FORCED HOLIDAYS FOR SATELLITE MANUFACTURER.
Some 8,000 workers at the Applied Mechanics Association company (OPM) in Zheleznogorsk (the former Krasnoyarsk-26), which manufactures space satellite communications systems, were sent on forced leave until 1 October, ITAR-TASS reported on 16 August. OPM lacks the money to pay wages and continue production, due to the fact that in 1996 its customers--the Defense Ministry, the Russian Space Agency, and the Moscow--based association Informkosmos--only paid 10% of the money they owed. The company was in part paid with bills of exchange issued by the recently collapsed Tveruniversalbank. -- Natalia Gurushina



SHEVARDNADZE CLIPS WINGS OF ANTI-SEMITE.
Georgian President Eduard Shevardnadze reacted indignantly to an anti-Semitic article printed in the paper Noy, Segodnya reported on 15 August. Shevardnadze took the article, which described Jews as "vampires and sadists," to task during his weekly radio address. Western agencies reported that the paper's editor has been charged with inciting hatred, a crime which carries a maximum three-year prison sentence. He has also been fined, and the paper has been suspended from publication. -- Lowell Bezanis

DASHNAK ATTEMPTS TO REGISTER.
The Armenian Revolutionary Federation, Dashnaktsutyun (ARF), has applied to be registered once again as a political party with the Justice Ministry, Noyan Tapan reported on 14 August. The ARF, Armenia's largest opposition party, was banned in January 1995, following allegations that it had a clandestine wing, known as Dro, which was involved in drug trafficking and political assassinations. The ARF's candidate in the presidential election, Vahan Hovannessyan, has been arrested on charges of organizing a coup and acts of terrorism, according to Noyan Tapan on 15 August.

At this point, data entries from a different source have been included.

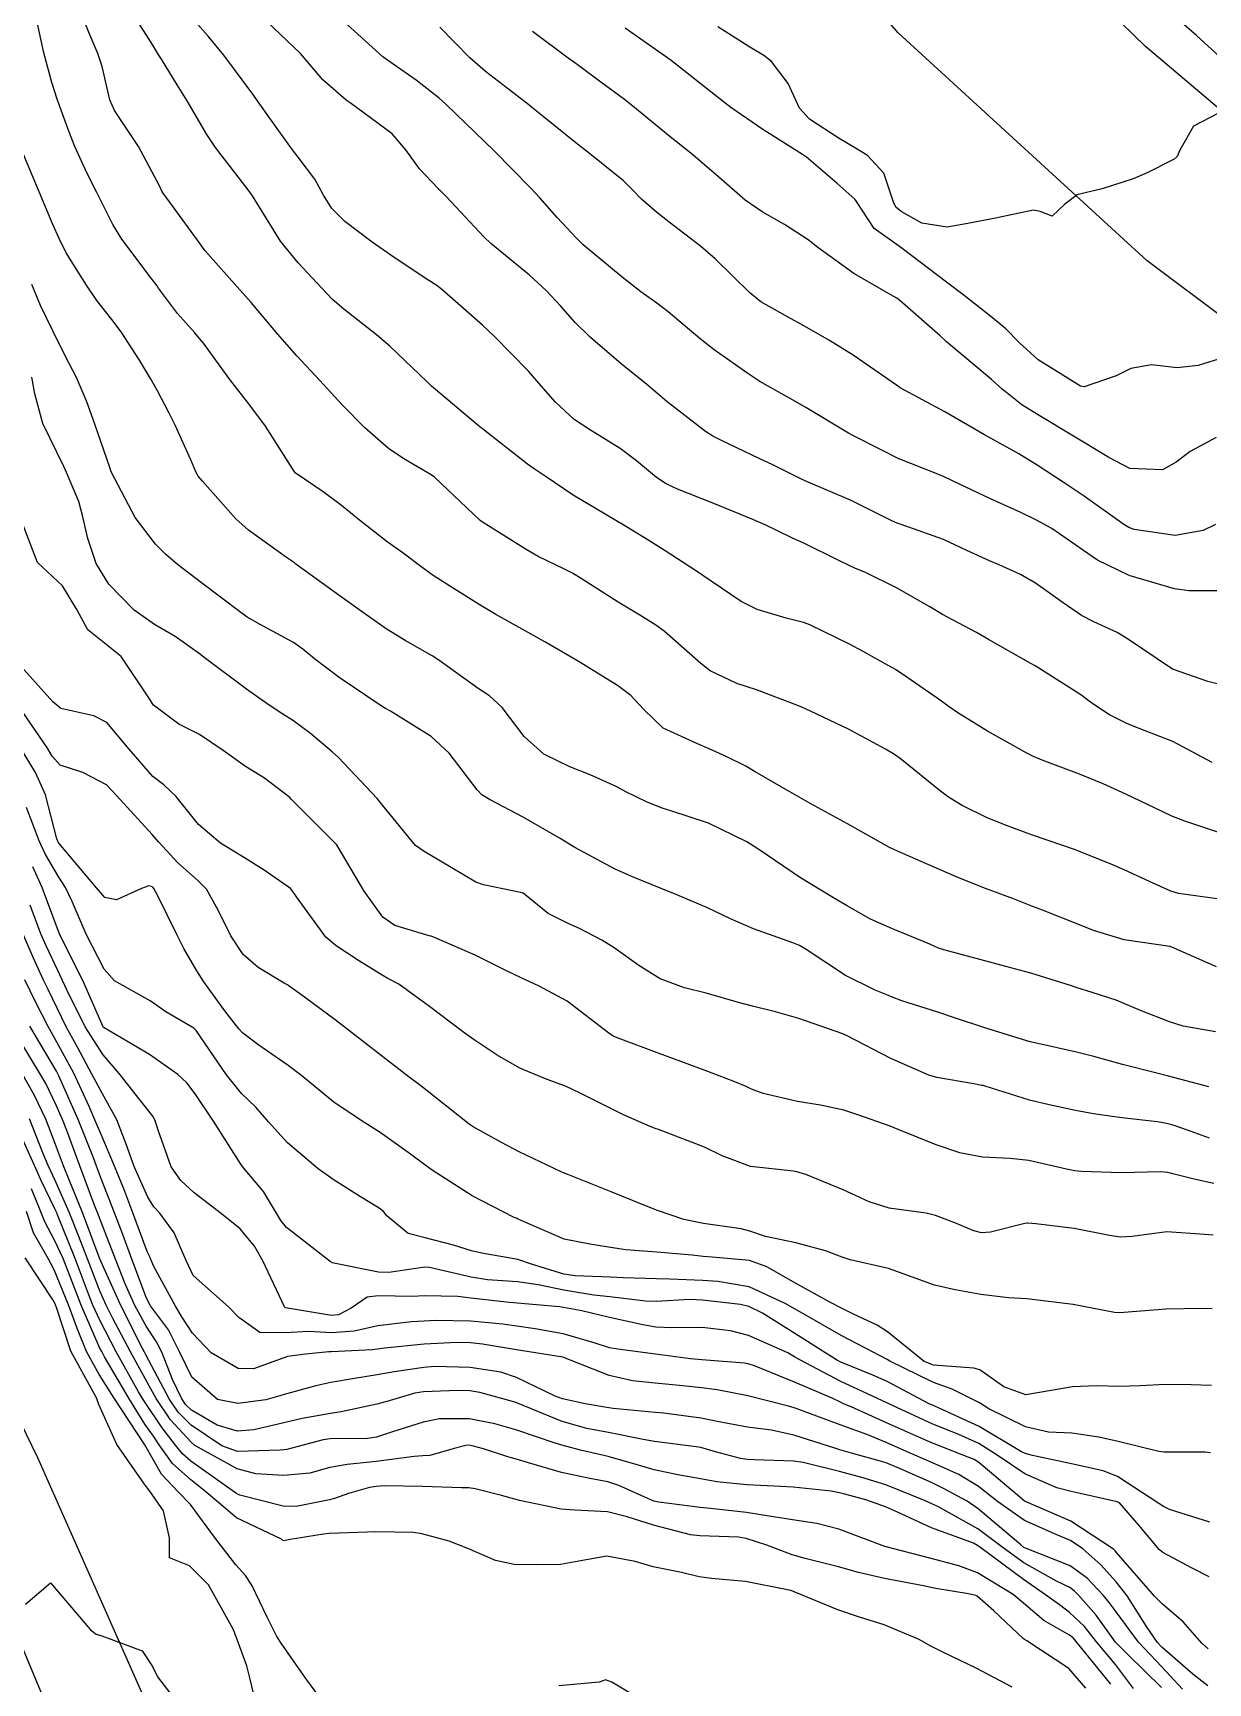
# Model space of a CAD drawing. Header units: metres. Extents: x 307586 to 320046, y 7427249 to 7434250.
# Drawn here: x 319307.2 to 319357.9, y 7428273.7 to 7428344.9 of the extents above; entities that cross this region are included whole.
import ezdxf

# ---------------------------------------------------------------- set-up
doc = ezdxf.new("R2010")
doc.units = ezdxf.units.M
doc.header["$MEASUREMENT"] = 0
for name, color, linetype in [('Curvas de Nivel 1m', 11, 'Continuous'), ('Curvas de Nivel 5m', 15, 'Continuous'), ('Linha Férrea', 20, 'Continuous'), ('Vias Primárias', 230, 'Continuous')]:
    doc.layers.add(name, color=color, linetype=linetype)

msp = doc.modelspace()

# ---------------------------------------------------------------- linework, layer by layer
at = {"layer": 'Curvas de Nivel 1m', "flags": 128}
for points, elevation in [([(319358.314, 7428307.502), (319356.643, 7428307.731), (319356.317, 7428307.832), (319355.581, 7428308.157), (319354.326, 7428308.736), (319353.839, 7428308.948), (319352.585, 7428309.456), (319352.334, 7428309.556), (319352.191, 7428309.606), (319350.344, 7428310.247), (319349.173, 7428310.67), (319348.355, 7428311), (319347.303, 7428311.516), (319346.722, 7428311.881), (319346.369, 7428312.145), (319344.626, 7428313.548), (319344.385, 7428313.717), (319343.993, 7428313.952), (319342.401, 7428314.809), (319340.756, 7428315.597), (319340.414, 7428315.745), (319340.168, 7428315.85), (319338.422, 7428316.517), (319337.573, 7428316.781), (319336.43, 7428317.328), (319336.023, 7428317.654), (319334.447, 7428319.039), (319334.081, 7428319.308), (319333.461, 7428319.685), (319332.462, 7428320.297), (319330.907, 7428321.285), (319330.48, 7428321.551), (319330.144, 7428321.725), (319329.008, 7428322.262), (319328.491, 7428322.563), (319326.559, 7428323.769), (319326.504, 7428323.814), (319325.928, 7428324.359), (319324.531, 7428325.689), (319324.388, 7428325.792), (319323.203, 7428326.473), (319322.544, 7428326.927), (319321.505, 7428327.83), (319320.562, 7428328.794), (319320.061, 7428329.341), (319319.588, 7428329.855), (319318.589, 7428330.927), (319317.75, 7428331.879), (319316.616, 7428333.218), (319316.014, 7428333.896), (319314.638, 7428335.454), (319314.446, 7428335.718), (319314.306, 7428335.915), (319313.246, 7428337.349), (319312.815, 7428337.938), (319312.764, 7428338.029), (319312.676, 7428338.23), (319311.748, 7428339.949), (319310.716, 7428341.507), (319310.516, 7428341.963), (319310.182, 7428343.413), (319309.999, 7428343.971), (319309.625, 7428344.85), (319309.167, 7428345.984)], 826), ([(319358.348, 7428310.373), (319356.917, 7428310.839), (319356.358, 7428311.069), (319355.603, 7428311.418), (319354.369, 7428312.013), (319353.388, 7428312.46), (319352.377, 7428312.873), (319350.761, 7428313.476), (319350.385, 7428313.634), (319350.093, 7428313.778), (319348.401, 7428314.729), (319347.122, 7428315.519), (319346.704, 7428315.814), (319346.418, 7428316.02), (319344.918, 7428317.055), (319344.431, 7428317.391), (319344.333, 7428317.453), (319344.146, 7428317.554), (319343.029, 7428318.161), (319342.442, 7428318.489), (319340.725, 7428319.322), (319340.451, 7428319.421), (319339.712, 7428319.607), (319338.458, 7428319.972), (319337.764, 7428320.33), (319336.476, 7428321.197), (319335.792, 7428321.657), (319334.491, 7428322.504), (319333.775, 7428322.96), (319332.555, 7428323.699), (319332.503, 7428323.732), (319332.426, 7428323.779), (319330.521, 7428324.913), (319329.3, 7428325.738), (319328.832, 7428326.042), (319328.538, 7428326.247), (319326.6, 7428327.77), (319326.553, 7428327.809), (319326.319, 7428328.008), (319324.57, 7428329.476), (319324.4, 7428329.621), (319324.211, 7428329.795), (319322.596, 7428331.339), (319322.026, 7428331.826), (319320.614, 7428332.933), (319320.129, 7428333.358), (319319.655, 7428333.855), (319318.639, 7428334.932), (319317.878, 7428335.878), (319316.672, 7428337.824), (319316.629, 7428337.89), (319316.484, 7428338.083), (319315.078, 7428339.906), (319314.701, 7428340.472), (319313.848, 7428341.923), (319313.421, 7428342.62), (319312.741, 7428343.717), (319312.609, 7428343.941), (319312.369, 7428344.321), (319311.335, 7428345.954)], 827), ([(319358.09, 7428313.384), (319356.396, 7428314.282), (319355.018, 7428314.81), (319354.407, 7428315.053), (319353.664, 7428315.441), (319352.909, 7428315.944), (319352.421, 7428316.296), (319350.571, 7428317.479), (319350.434, 7428317.559), (319350.263, 7428317.653), (319348.445, 7428318.683), (319347.923, 7428318.983), (319346.912, 7428319.523), (319346.456, 7428319.763), (319345.91, 7428320.087), (319344.473, 7428320.915), (319343.134, 7428321.57), (319342.669, 7428321.762), (319342.486, 7428321.842), (319341.96, 7428322.114), (319340.495, 7428322.824), (319339.957, 7428323.067), (319338.803, 7428323.626), (319338.505, 7428323.767), (319338.272, 7428323.867), (319336.517, 7428324.583), (319335.017, 7428325.174), (319334.529, 7428325.405), (319334.115, 7428325.676), (319333.247, 7428326.396), (319332.545, 7428326.928), (319331.257, 7428327.713), (319330.558, 7428328.181), (319329.755, 7428328.922), (319329.038, 7428329.743), (319328.581, 7428330.26), (319327.109, 7428331.765), (319326.608, 7428332.24), (319324.841, 7428333.788), (319324.625, 7428333.954), (319324.176, 7428334.25), (319322.645, 7428335.273), (319321.843, 7428335.828), (319320.662, 7428336.713), (319320.097, 7428337.278), (319319.746, 7428337.854), (319319.364, 7428338.544), (319318.689, 7428339.44), (319318.355, 7428339.873), (319317.458, 7428341.137), (319316.923, 7428341.888), (319316.726, 7428342.158), (319315.436, 7428343.903), (319314.755, 7428344.72), (319314.196, 7428345.35)], 828), ([(319358.426, 7428316.738), (319357.913, 7428316.873), (319356.433, 7428317.386), (319356.379, 7428317.411), (319354.446, 7428318.717), (319353.996, 7428318.984), (319352.993, 7428319.452), (319352.457, 7428319.724), (319351.664, 7428320.269), (319350.477, 7428321.111), (319349.82, 7428321.487), (319348.897, 7428321.906), (319348.489, 7428322.078), (319347.505, 7428322.531), (319346.498, 7428323.002), (319344.967, 7428323.545), (319344.505, 7428323.703), (319344.238, 7428323.822), (319342.519, 7428324.684), (319340.661, 7428325.468), (319340.532, 7428325.524), (319340.365, 7428325.603), (319339.135, 7428326.218), (319338.542, 7428326.498), (319336.923, 7428327.272), (319336.551, 7428327.455), (319336.224, 7428327.653), (319334.566, 7428328.934), (319334.17, 7428329.277), (319333.69, 7428329.683), (319332.586, 7428330.581), (319331.264, 7428331.713), (319330.609, 7428332.358), (319329.968, 7428333.081), (319329.351, 7428333.739), (319328.633, 7428334.406), (319326.964, 7428335.767), (319326.656, 7428336.053), (319325.042, 7428337.786), (319324.677, 7428338.159), (319323.882, 7428338.999), (319323.298, 7428339.811), (319322.703, 7428340.501), (319320.897, 7428341.838), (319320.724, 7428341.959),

Efforts to demonstrate that the Armenian ARFF is independent of its diaspora strongholds are likely to be met with skepticism in Yerevan and abroad. -- Lowell Bezanis

ARMENIAN EMBASSY IN GERMANY UNDER SCRUTINY.
Armenian Foreign Minister Vahan Papazian has announced plans to establish a commission that will examine the work of the consular section of Yerevan's embassy in Bonn following allegations raised in the German journal Focus that it was involved in extorting money from Armenians in Germany, ITAR-TASS reported on 15 August. The Armenian ambassador in Germany denied the accusations. -- Lowell Bezanis

BELGIAN FIRM BUYS FORMER KAZAKHSTANI STATE ENERGY COMPANY.
The Kazakhstani government has sold Almatyenergo, the former state energy company and the main provider of both electricity and heat to Almaty, to the Belgian company Tractebel for $5 million, Kazakhstanskaya pravda reported on 14 August. Tractebel also pledged to boost output by 30% and spend $270 million to upgrade Almatyenergo's several power stations and electricity grid. The government had feared that the indebted and capital-starved Almatyenergo would be unable to provide the capital with electricity and heat during the coming winter. The same day, ITAR-TASS reported that the U.S. company A.E.S. had concluded a similar deal for the Ekibastuz power station. -- Slava Kozlov in Almaty

RUSSIA CUTS OFF ENERGY TO NORTHERN KAZAKHSTAN.
Citing unpaid bills, Boris Syutkin of Russia's Unified Energy System announced on 15 August that his company has temporarily ceased delivering electricity to certain regions of northern Kazakhstan, ITAR-TASS and Radio Rossii reported the same day. Syutkin said Kazakhstan owes the company $420 million for earlier deliveries. Syutkin also criticized Kazakhstan for failing to fulfill its part of a deal to deliver coal to a Russian power station, claiming that no more than 40% of contacted coal had reached the Troitsk power station this year. Western Kazakhstan will not be cut off as regions in that part of the country have been making regular payments to Russian power stations. -- Bruce Pannier

CORRECTION:
In an item in OMRI Daily Digest, issue no. 158, vol. 2, Natik Aliev, president of the Azerbaijani oil company SOCAR, was incorrectly identified as President Heidar Aliev's son. Ilham Aliev, vice president of SOCAR is President Aliev's son.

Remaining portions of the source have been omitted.